We went out again in Dave Cole’s Bass boat in a hapless effort to keep up with the motoring bass boats that race to the prime fishing spots, the Triton and other high performance boats are too fast for us to really keep up with. By the time they were gone, we found ourselves losing sense of our direction navigating the maze of the forks and lake arms the gigantic Table Rock Lake again like the other day. This lake is considered by many a Goliath-sized river that branches out into many creeks, and we did not know left from right; there are over 700 miles of shoreline to stare at.


We missed a turn where we should have followed the lake arms where the fishermen were going to and went way off course, and we became history. But thanks to Coles, the NBAD secretary who escorted us, for working with DeafNation’s Jed Barish in studying the map, while the lucky fishermen were studying their fish!
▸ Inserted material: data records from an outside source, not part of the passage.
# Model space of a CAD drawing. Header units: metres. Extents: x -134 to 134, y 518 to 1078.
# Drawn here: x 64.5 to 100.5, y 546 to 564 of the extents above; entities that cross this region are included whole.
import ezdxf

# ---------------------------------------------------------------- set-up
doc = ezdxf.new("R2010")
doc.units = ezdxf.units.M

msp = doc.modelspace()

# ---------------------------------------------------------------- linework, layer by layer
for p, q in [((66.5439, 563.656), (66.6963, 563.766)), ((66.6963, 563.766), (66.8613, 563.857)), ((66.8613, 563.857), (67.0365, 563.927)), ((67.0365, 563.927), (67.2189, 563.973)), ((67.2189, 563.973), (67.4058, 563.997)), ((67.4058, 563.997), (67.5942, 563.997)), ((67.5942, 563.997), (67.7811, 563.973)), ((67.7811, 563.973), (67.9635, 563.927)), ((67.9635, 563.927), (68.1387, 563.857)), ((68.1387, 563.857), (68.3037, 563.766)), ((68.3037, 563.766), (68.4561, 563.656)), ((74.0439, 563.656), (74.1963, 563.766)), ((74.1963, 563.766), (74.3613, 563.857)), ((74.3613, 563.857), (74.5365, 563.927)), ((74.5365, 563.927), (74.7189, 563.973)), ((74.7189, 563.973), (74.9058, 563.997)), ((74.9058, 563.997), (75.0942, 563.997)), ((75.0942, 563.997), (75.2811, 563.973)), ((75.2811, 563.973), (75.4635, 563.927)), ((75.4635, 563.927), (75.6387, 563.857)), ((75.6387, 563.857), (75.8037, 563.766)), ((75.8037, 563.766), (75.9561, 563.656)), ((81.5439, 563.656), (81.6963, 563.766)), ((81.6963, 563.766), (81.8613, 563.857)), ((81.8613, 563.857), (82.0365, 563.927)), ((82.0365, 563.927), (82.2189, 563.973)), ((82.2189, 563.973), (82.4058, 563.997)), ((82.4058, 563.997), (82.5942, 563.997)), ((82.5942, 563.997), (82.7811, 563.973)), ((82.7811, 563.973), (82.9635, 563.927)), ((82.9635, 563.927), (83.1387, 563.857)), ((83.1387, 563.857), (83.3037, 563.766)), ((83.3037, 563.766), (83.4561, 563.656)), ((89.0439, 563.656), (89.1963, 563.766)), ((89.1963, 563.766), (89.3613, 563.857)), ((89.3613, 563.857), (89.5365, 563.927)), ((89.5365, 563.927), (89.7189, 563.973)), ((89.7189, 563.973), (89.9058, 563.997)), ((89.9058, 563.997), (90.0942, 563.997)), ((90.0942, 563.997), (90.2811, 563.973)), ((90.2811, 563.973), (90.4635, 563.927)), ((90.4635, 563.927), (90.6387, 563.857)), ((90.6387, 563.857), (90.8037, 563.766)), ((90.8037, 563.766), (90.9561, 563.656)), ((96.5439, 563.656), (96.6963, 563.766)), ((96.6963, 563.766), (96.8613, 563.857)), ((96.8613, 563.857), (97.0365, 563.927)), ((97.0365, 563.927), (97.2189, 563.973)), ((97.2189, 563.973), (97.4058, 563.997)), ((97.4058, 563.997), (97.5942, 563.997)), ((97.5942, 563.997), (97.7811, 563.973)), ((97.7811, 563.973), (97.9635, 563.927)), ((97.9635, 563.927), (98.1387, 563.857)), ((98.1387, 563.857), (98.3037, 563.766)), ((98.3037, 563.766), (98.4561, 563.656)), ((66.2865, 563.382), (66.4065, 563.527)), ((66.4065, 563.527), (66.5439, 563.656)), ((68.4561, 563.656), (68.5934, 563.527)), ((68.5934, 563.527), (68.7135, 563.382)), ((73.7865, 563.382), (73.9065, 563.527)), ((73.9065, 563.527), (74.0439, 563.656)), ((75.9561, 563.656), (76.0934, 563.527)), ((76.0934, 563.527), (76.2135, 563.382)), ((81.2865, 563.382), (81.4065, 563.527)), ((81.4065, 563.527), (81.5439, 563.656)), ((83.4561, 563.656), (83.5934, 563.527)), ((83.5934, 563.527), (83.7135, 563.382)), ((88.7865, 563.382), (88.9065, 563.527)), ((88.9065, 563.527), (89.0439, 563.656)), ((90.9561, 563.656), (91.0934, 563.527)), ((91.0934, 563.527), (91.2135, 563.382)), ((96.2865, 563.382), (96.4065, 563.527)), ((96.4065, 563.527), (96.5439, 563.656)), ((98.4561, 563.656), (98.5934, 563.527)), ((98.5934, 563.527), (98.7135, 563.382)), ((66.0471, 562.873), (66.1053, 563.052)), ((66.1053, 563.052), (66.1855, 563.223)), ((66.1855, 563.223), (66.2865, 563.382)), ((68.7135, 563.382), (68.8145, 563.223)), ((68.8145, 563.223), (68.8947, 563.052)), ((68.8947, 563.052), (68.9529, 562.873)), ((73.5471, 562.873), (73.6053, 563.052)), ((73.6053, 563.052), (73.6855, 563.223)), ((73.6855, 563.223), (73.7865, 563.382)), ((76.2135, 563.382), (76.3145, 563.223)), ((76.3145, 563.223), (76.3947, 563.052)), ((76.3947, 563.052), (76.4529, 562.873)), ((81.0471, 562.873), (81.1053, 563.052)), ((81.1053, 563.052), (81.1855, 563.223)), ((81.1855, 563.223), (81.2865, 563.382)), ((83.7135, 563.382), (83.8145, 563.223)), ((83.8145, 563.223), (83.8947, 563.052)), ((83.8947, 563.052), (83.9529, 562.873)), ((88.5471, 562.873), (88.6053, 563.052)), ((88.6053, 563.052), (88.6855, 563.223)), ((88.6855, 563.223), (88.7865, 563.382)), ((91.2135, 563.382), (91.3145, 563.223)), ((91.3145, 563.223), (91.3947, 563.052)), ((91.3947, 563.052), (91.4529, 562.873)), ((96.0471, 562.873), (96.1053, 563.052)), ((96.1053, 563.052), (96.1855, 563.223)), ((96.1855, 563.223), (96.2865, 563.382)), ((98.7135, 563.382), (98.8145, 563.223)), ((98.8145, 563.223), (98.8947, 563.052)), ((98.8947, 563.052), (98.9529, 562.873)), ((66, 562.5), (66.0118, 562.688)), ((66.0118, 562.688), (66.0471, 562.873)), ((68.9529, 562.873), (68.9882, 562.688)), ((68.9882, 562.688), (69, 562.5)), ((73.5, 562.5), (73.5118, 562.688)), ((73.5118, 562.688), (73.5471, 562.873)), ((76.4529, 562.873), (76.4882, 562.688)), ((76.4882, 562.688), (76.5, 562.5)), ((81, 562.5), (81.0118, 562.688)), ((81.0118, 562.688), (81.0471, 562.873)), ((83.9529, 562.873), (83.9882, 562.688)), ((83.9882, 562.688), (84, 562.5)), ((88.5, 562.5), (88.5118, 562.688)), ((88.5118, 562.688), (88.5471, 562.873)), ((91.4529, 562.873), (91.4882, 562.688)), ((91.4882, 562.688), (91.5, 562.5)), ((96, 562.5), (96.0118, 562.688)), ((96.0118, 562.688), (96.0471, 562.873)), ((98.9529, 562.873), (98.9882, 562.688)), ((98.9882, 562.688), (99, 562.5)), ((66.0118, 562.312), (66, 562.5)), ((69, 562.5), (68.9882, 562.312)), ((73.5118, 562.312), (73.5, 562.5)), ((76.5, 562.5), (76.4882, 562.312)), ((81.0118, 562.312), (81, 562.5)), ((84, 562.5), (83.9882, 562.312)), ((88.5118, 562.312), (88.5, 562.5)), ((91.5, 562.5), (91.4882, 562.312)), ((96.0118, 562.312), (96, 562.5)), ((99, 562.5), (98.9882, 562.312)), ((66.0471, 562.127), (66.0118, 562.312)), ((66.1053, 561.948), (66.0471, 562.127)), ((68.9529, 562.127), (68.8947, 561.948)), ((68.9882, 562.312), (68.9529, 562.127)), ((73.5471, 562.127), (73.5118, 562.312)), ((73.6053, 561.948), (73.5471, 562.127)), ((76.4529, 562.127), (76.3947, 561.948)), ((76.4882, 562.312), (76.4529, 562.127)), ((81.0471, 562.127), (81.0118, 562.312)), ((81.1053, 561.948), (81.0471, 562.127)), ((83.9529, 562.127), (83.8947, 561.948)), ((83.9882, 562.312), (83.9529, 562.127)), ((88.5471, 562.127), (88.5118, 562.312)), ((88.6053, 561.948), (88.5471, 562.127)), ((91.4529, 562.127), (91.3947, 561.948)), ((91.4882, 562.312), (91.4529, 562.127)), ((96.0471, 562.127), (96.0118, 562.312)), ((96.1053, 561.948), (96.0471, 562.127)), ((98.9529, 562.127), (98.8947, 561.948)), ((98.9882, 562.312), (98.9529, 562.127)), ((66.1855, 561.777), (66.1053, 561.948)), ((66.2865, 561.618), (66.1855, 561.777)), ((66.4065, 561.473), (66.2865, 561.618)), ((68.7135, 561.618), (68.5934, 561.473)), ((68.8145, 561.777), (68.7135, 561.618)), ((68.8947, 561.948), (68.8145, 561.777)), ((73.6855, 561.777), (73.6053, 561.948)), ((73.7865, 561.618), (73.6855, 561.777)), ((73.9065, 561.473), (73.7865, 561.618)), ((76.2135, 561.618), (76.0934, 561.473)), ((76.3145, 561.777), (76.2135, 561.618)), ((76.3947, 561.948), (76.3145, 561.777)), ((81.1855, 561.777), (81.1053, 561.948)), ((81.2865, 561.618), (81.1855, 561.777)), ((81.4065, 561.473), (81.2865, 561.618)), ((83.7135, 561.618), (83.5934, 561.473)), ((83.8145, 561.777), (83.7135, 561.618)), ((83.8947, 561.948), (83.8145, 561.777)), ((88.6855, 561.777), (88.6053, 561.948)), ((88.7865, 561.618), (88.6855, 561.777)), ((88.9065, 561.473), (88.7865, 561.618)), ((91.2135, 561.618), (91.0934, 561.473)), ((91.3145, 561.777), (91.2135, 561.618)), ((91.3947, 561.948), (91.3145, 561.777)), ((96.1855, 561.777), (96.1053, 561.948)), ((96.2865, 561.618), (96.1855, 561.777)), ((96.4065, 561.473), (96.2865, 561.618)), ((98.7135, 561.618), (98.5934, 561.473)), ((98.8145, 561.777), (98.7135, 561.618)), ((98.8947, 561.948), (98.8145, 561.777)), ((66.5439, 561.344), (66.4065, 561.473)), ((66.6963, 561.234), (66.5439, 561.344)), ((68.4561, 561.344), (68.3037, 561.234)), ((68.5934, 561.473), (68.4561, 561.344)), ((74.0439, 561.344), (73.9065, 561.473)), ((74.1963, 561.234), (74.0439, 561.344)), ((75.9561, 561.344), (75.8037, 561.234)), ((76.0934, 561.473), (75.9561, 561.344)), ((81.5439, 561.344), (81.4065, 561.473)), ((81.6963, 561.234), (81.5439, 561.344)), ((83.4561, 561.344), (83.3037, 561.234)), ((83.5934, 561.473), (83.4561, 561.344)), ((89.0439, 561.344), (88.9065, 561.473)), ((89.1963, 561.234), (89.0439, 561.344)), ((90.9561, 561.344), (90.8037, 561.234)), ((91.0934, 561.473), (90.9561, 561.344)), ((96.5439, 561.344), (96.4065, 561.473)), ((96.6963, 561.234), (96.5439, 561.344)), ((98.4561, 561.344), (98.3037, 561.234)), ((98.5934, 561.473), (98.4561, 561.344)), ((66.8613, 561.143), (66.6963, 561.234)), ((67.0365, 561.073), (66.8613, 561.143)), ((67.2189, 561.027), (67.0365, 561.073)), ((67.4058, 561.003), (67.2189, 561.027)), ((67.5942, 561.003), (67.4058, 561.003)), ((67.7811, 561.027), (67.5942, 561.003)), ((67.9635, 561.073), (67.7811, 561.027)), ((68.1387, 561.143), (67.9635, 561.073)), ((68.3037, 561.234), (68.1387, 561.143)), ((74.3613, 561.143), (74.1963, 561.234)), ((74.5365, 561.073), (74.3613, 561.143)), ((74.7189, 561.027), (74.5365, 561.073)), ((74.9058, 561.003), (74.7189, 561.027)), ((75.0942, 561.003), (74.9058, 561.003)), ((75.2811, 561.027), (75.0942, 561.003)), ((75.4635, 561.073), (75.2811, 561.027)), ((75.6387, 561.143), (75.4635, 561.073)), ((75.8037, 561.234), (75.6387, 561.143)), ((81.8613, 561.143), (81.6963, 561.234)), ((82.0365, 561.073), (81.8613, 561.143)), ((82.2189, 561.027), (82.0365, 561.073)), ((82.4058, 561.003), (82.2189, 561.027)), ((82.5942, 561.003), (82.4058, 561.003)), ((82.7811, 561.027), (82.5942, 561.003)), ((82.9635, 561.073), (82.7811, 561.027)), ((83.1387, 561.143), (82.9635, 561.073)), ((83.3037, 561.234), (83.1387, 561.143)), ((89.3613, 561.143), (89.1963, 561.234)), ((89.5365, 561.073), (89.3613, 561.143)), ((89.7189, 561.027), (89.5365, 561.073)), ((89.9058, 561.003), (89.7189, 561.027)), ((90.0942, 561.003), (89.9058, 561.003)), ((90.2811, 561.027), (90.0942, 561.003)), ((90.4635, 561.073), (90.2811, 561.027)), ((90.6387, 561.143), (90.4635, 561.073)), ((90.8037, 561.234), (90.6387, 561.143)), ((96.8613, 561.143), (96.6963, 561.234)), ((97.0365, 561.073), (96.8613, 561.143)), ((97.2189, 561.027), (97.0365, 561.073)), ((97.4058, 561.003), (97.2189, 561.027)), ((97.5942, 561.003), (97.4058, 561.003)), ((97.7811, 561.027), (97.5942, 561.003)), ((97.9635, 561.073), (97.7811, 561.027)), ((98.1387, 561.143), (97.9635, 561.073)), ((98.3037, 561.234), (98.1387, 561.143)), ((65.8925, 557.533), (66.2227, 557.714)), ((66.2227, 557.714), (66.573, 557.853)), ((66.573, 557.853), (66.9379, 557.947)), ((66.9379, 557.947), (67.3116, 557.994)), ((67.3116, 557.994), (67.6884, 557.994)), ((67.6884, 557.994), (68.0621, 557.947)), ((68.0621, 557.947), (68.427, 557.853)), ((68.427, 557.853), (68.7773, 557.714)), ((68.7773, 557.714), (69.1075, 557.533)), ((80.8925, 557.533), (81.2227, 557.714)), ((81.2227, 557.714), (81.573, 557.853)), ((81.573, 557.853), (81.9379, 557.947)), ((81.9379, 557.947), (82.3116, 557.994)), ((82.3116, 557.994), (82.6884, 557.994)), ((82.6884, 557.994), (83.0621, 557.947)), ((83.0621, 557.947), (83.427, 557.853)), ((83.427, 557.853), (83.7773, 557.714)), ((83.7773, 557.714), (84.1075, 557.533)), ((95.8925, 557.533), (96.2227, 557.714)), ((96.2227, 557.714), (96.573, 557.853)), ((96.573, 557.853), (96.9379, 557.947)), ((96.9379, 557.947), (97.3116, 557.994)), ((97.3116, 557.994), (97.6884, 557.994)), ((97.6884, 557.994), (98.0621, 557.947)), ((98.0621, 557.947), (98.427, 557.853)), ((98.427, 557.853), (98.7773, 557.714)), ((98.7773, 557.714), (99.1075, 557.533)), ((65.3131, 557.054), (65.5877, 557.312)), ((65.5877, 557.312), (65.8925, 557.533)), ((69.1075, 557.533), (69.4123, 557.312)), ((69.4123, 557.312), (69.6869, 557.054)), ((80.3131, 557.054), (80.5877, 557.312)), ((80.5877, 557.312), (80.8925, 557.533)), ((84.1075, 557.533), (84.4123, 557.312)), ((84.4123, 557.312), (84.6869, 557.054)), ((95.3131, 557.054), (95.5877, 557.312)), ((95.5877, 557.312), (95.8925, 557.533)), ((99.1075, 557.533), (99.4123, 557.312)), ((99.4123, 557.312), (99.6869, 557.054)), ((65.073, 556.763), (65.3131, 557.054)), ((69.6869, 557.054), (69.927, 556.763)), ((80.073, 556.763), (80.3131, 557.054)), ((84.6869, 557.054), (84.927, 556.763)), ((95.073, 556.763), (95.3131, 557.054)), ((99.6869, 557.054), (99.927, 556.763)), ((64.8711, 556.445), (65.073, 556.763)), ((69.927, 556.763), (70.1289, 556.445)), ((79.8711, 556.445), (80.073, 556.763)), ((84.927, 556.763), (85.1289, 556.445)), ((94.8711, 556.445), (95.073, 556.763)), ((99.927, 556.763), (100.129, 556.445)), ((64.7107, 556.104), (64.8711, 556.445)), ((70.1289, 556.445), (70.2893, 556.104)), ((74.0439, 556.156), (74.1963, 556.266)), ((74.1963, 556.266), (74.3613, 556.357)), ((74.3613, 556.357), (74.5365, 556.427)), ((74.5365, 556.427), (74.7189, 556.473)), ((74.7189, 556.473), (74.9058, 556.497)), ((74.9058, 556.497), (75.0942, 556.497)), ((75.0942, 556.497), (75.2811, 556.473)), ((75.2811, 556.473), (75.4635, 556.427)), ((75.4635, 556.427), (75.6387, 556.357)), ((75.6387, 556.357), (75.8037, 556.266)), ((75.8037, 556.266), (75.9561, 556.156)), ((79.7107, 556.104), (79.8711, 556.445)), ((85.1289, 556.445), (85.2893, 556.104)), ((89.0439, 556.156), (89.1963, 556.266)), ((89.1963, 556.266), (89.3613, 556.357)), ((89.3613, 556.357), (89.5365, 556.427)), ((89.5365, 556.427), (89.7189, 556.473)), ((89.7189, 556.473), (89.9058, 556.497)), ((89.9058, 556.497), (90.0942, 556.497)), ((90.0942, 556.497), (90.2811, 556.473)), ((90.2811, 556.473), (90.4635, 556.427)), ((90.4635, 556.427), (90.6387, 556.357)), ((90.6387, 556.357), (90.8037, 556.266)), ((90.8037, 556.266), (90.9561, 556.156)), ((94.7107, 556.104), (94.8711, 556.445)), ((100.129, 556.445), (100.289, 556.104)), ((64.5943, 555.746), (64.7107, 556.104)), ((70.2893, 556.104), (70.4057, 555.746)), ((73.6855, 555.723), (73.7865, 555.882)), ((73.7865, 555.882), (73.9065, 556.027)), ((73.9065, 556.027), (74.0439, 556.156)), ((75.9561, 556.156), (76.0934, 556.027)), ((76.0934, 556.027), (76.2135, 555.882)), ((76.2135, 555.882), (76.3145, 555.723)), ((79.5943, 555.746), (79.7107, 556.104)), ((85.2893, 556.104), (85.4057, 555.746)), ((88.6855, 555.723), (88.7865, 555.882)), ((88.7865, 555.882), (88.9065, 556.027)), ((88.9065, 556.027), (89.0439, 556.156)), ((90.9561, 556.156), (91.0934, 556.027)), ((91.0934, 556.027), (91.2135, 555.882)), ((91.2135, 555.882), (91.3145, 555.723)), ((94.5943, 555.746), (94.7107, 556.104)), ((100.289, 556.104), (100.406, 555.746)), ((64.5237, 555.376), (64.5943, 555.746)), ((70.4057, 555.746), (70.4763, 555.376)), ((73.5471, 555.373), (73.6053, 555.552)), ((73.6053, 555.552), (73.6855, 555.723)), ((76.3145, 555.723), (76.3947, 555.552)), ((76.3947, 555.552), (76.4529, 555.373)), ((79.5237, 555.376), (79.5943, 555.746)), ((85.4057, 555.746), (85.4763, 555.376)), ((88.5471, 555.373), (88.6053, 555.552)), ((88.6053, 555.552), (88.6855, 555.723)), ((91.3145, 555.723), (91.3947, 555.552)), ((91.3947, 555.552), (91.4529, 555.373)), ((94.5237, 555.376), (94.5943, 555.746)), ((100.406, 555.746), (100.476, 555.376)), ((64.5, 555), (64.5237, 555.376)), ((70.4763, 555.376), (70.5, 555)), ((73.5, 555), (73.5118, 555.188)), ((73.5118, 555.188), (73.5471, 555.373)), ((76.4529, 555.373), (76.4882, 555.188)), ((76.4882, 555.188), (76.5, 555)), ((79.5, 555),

It took us an hour to reach to the first boat that secured its’ hot spot! It wasn’t unusual to see the high-performance boats zooming past us back and forth while we sort of floated around.

Boats rely in power and speed to overtake the best locations where it is swarming with Bass, or the faster boat will get there first. They also have more gas to go with and do not have to repeatedly fill in gas at the commercial docks like the older, slower boats have to. Dave had his boat since 1995; it is a good boat but just not high performance. We had to stay close to the gas pumps where he started from to guarantee we can reach all the boats we wanted to film for this story.


Hence, the fishermen who has the faster boats and bigger gas tanks will be able to avoid losing time and even follow the river all the way to Arkansas from the Missouri border to swoop up the flapping Bass.

The high performance boaters boast of overtaking hot spots before others do, but other people are content enough with preserving their gas so they can spend more time fishing and venture out farther if necessary. The boating technology set off a new revolution in the past 20 years producing faster boats with better engines and Electronic Fuel Injection (EFI) technology.

The water which is smooth like glass makes it convenient for the jetting fishers but the ones trailing will play it smart and follow these boats to avoid the choppy waters or the narrow stream created by the boat ahead.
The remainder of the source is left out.